Records from a data source
------------------------------------

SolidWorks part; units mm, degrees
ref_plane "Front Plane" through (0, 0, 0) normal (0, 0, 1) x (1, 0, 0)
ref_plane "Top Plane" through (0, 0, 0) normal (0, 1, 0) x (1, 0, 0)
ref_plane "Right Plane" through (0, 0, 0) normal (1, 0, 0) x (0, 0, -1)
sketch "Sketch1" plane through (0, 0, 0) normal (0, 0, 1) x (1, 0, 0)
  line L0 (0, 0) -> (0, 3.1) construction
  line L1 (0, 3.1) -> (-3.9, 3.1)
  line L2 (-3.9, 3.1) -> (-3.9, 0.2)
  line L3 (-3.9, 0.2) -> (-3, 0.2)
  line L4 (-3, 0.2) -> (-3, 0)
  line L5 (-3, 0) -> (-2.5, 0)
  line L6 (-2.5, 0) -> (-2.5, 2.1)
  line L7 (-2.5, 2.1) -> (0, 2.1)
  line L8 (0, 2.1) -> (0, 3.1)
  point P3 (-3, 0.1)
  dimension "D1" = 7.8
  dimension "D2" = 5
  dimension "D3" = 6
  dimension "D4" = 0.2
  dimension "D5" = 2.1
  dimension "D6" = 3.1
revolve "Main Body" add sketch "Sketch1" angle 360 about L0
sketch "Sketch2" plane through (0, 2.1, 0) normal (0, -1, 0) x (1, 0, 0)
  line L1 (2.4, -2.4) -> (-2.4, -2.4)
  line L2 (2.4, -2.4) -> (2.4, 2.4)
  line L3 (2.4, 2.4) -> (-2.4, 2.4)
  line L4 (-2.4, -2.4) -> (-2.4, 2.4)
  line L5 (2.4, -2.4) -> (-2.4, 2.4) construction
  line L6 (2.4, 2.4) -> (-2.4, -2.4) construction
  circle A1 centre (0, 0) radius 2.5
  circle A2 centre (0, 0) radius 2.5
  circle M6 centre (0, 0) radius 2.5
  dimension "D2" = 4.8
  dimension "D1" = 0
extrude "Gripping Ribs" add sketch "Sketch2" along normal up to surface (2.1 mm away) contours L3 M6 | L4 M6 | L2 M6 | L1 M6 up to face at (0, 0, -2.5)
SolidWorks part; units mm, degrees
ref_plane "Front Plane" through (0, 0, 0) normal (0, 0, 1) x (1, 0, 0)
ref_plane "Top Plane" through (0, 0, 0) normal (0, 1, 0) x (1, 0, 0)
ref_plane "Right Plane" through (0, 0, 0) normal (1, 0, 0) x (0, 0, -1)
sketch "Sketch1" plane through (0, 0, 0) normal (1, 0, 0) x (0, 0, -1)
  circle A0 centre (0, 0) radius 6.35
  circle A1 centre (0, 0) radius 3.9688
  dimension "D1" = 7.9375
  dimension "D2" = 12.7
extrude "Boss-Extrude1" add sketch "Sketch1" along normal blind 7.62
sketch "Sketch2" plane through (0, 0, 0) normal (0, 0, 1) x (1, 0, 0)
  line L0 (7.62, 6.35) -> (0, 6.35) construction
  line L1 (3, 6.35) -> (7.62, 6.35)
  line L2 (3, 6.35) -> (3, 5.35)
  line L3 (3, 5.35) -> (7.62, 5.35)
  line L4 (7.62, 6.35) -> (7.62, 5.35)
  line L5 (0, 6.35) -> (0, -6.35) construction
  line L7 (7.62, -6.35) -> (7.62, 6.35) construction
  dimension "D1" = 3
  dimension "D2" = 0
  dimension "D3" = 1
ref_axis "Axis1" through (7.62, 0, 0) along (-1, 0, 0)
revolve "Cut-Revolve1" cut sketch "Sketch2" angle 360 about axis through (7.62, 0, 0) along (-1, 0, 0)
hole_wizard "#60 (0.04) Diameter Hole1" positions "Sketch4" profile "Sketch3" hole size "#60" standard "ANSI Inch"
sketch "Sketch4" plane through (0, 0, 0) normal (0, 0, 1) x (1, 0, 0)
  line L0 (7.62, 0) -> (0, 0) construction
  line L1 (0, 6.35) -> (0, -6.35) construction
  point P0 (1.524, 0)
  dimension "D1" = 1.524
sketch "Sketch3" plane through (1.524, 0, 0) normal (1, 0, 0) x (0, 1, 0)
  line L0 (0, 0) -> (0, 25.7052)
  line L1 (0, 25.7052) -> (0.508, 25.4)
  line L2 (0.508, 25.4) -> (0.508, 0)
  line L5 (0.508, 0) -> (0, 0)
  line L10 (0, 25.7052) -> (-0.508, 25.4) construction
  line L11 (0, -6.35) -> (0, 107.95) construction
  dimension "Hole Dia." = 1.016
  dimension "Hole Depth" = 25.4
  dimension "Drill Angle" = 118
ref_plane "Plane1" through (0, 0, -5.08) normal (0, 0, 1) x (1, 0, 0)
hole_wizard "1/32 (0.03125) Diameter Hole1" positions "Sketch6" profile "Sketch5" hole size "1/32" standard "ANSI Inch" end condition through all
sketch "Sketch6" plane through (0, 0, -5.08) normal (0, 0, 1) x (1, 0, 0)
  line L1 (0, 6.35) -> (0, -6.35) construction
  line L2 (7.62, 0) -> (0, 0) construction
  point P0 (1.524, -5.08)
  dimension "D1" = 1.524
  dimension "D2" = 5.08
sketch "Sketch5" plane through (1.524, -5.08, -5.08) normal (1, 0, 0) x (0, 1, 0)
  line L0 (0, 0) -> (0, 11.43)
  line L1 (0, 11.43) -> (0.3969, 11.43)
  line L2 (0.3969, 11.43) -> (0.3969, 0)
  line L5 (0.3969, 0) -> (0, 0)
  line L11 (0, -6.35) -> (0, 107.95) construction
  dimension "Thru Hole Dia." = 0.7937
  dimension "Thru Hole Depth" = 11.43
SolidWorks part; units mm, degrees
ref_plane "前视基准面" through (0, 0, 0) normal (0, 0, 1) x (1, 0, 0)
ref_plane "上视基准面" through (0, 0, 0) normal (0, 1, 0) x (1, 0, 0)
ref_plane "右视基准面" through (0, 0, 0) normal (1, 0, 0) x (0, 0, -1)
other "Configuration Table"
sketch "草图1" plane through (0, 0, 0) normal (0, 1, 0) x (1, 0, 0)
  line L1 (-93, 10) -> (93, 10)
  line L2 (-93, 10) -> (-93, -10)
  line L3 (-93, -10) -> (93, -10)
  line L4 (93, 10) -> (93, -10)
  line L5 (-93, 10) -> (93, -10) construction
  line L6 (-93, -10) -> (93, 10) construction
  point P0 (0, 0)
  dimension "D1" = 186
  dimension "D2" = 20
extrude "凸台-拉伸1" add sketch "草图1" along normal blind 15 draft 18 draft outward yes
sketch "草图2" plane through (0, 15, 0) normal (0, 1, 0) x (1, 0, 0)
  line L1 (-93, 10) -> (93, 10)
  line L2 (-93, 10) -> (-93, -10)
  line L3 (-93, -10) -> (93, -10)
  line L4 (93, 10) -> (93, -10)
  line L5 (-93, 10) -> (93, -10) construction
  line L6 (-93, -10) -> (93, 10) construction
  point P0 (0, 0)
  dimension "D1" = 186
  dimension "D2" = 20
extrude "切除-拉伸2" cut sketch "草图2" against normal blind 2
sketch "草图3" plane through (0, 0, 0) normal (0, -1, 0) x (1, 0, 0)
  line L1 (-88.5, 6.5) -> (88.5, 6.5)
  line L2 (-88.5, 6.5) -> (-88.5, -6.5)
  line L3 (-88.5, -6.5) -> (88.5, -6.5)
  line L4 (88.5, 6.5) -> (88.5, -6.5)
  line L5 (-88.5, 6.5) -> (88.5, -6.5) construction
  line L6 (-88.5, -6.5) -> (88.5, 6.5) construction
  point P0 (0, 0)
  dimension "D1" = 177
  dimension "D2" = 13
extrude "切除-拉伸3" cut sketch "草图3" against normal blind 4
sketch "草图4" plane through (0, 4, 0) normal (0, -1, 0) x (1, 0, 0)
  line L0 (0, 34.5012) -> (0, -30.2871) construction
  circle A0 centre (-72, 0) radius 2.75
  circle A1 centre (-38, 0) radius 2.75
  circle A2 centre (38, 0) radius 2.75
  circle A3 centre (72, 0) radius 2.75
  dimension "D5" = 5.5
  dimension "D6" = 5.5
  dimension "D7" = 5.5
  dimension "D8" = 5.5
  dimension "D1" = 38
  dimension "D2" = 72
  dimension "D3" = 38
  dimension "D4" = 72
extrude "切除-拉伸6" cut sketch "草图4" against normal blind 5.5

------------------------------------

EXERCISE GOAL:
Starting at the first line of the records, print each line exactly, stopping after the line that contains "line L5 (2.4, -2.4)".

EXERCISE RESPONSE:
SolidWorks part; units mm, degrees
ref_plane "Front Plane" through (0, 0, 0) normal (0, 0, 1) x (1, 0, 0)
ref_plane "Top Plane" through (0, 0, 0) normal (0, 1, 0) x (1, 0, 0)
ref_plane "Right Plane" through (0, 0, 0) normal (1, 0, 0) x (0, 0, -1)
sketch "Sketch1" plane through (0, 0, 0) normal (0, 0, 1) x (1, 0, 0)
  line L0 (0, 0) -> (0, 3.1) construction
  line L1 (0, 3.1) -> (-3.9, 3.1)
  line L2 (-3.9, 3.1) -> (-3.9, 0.2)
  line L3 (-3.9, 0.2) -> (-3, 0.2)
  line L4 (-3, 0.2) -> (-3, 0)
  line L5 (-3, 0) -> (-2.5, 0)
  line L6 (-2.5, 0) -> (-2.5, 2.1)
  line L7 (-2.5, 2.1) -> (0, 2.1)
  line L8 (0, 2.1) -> (0, 3.1)
  point P3 (-3, 0.1)
  dimension "D1" = 7.8
  dimension "D2" = 5
  dimension "D3" = 6
  dimension "D4" = 0.2
  dimension "D5" = 2.1
  dimension "D6" = 3.1
revolve "Main Body" add sketch "Sketch1" angle 360 about L0
sketch "Sketch2" plane through (0, 2.1, 0) normal (0, -1, 0) x (1, 0, 0)
  line L1 (2.4, -2.4) -> (-2.4, -2.4)
  line L2 (2.4, -2.4) -> (2.4, 2.4)
  line L3 (2.4, 2.4) -> (-2.4, 2.4)
  line L4 (-2.4, -2.4) -> (-2.4, 2.4)
  line L5 (2.4, -2.4) -> (-2.4, 2.4) construction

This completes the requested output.